In Fools, Frauds and Firebrands, Roger Scruton first surveys and then deconstructs the golden idols of left wing thought from the 1960s to the present day. He dissects the hollow works of Hobsbawm and E. P. Thompson, Galbraith and Dworkin, Sartre and Foucault and exposes the lack of coherence in the works of Althusser, Lacan, Deleuze, Badiou and Žižek.

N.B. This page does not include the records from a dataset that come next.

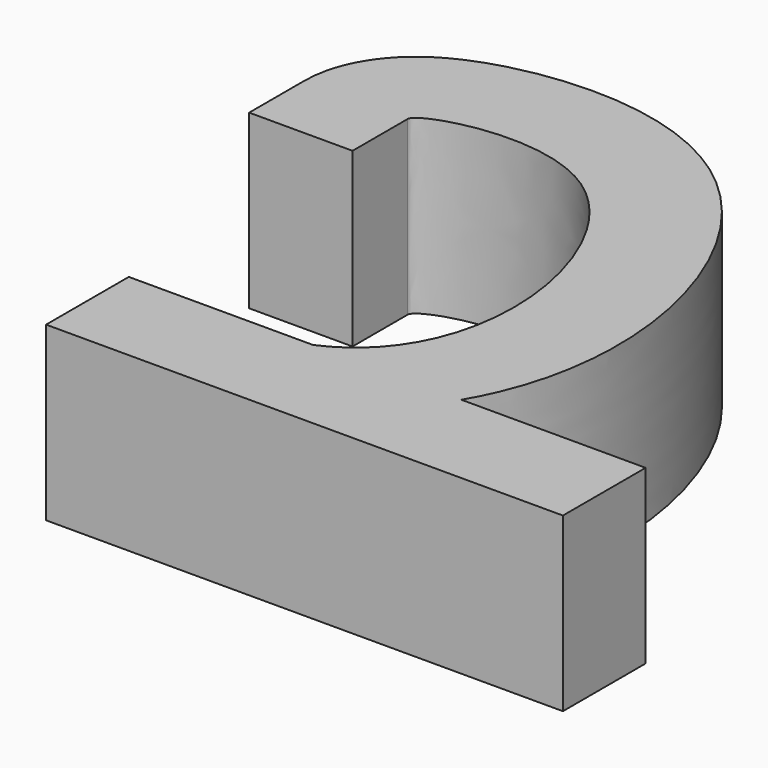
from build123d import *

# Parameters (mm, degrees)
F0_W     = 3
F0_H     = 2
F1_DEPTH = 5


# Not quite as in the source:
# - ends of sketch curves that miss each other by under 0.0002 mm in the source are joined
# - the dataset's text gives a spline's control points without its knots; the knots are read off the source's solid


with BuildPart() as f1:
    # F0 (on Top) → F1 (new body)
    with BuildSketch(Plane.XY):
        Polygon((0.2503667564, 0), (-5.0978784384, 0), (-5.0978784384, -3), (9.9021215616, -3), (9.9021215616, 0), (4.5538399041, 0), align=None)
        with BuildLine():
            add(Edge.make_bspline(
                [(-5.0038373292, 10), (-5.0038373292, 10.4105466628), (2.1157200772, 12.6615455049), (4.0203314378, 1.6529998477), (0.2503667564, 0)],
                knots=[0, 0, 0, 0, 0.4142686249, 1, 1, 1, 1], degree=3))
            Line((0.2503667564, 0), (4.5538399041, 0))
            add(Edge.make_bspline(
                [(-8.0038373298, 10), (-8.0038373298, 10.2787056237), (-7.9265937296, 10.7996899682), (-7.6932242014, 11.3893049019), (-7.4344399504, 11.8107970085), (-7.1058635967, 12.2133413532), (-6.7538412088, 12.5232161476), (-6.4054617225, 12.7628325838), (-6.0969380756, 12.93621453), (-5.8079542421, 13.0736567268), (-5.5258027553, 13.1889045793), (-5.1488196574, 13.3220823158), (-4.6640252083, 13.4592847565), (-4.0426527359, 13.5858120578), (-3.3762627135, 13.6713518347), (-2.6639349861, 13.7084653959), (-1.9073543006, 13.686135431), (-1.1101715023, 13.5900533961), (-0.2790603331, 13.4026671913), (0.5747150123, 13.1031110257), (1.2876198097, 12.743572644), (1.8463165534, 12.3791285027), (2.3650523455, 11.9843299327), (2.9469957376, 11.4415186656), (3.7495742807, 10.4950924187), (4.5420905535, 9.1980589469), (5.209598751, 7.5151054912), (5.6041511953, 5.7386647539), (5.7043043683, 3.8960335815), (5.4539395397, 2.0134312582), (4.9603909881, 0.7054202789), (4.5856072864, 0.0536222336), (4.5538399041, 0)],
                knots=[0, 0, 0, 0, 0.0078125, 0.015625, 0.0234375, 0.03125, 0.046875, 0.0625, 0.078125, 0.09375, 0.109375, 0.125, 0.15625, 0.1875, 0.21875, 0.25, 0.28125, 0.3125, 0.34375, 0.375, 0.40625, 0.421875, 0.4375, 0.46875, 0.5, 0.5625, 0.625, 0.6875, 0.75, 0.8125, 0.875, 0.8806276917, 0.8806276917, 0.8806276917, 0.8806276917], degree=3))
            Line((-8.0038373298, 10), (-5.0038373292, 10))
        make_face()
        with Locations((-6.5038373292, 9)):
            Rectangle(F0_W, F0_H)
    extrude(amount=F1_DEPTH)


solid = f1.part

Scruton ponders why the humanities have become so unambiguously aligned to the left, and reveals how fully such thinking has seized the academy in its grasp. In this provocative, compelling and highly entertaining book he explains why empty rhetoric abounds over careful analysis and blatant nonsense over respectable logic, in a shattering demolition of some of today's most fashionable philosophers.
PUBLISHERS WEEKLY
Eminent British philosopher and polymath Scruton gives a sharp-edged, provocative critique of leading leftist thinkers since the mid-20th century. In this revision of his earlier polemic Thinkers of the New Left (1985), he examines John Kenneth Galbraith on consumerism, Richard Rorty on pragmatism, Antonio Gramsci on hegemony, Edward Said on colonialism, and Slavoj i ek on the Other. He also looks at influential French intellectuals such as Jean-Paul Sartre, Michel Foucault, and Jacques Lacan. For the left, according to Scruton, the source of injustice lies not in human nature but in established power and dominant classes. He notes that leftists exalt principles of equality, emancipation, and social justice but claims that they rarely describe actual or corrective models of social order. Through a "relentless campaign of intimidation," he writes, the left tries to make the right unacceptable, yet gives no coherent definition of what constitutes it. If any critics deviate from its premises, "you are not an opponent to be argued with, but a disease to be shunned." Scruton finds relief from contemporary anomie in the rule of law and promotion of liberty. This complex and erudite study is neither an easy read nor a reactionary screed. The overly zippy, alliterative new title does not indicate the depth or seriousness of the analysis.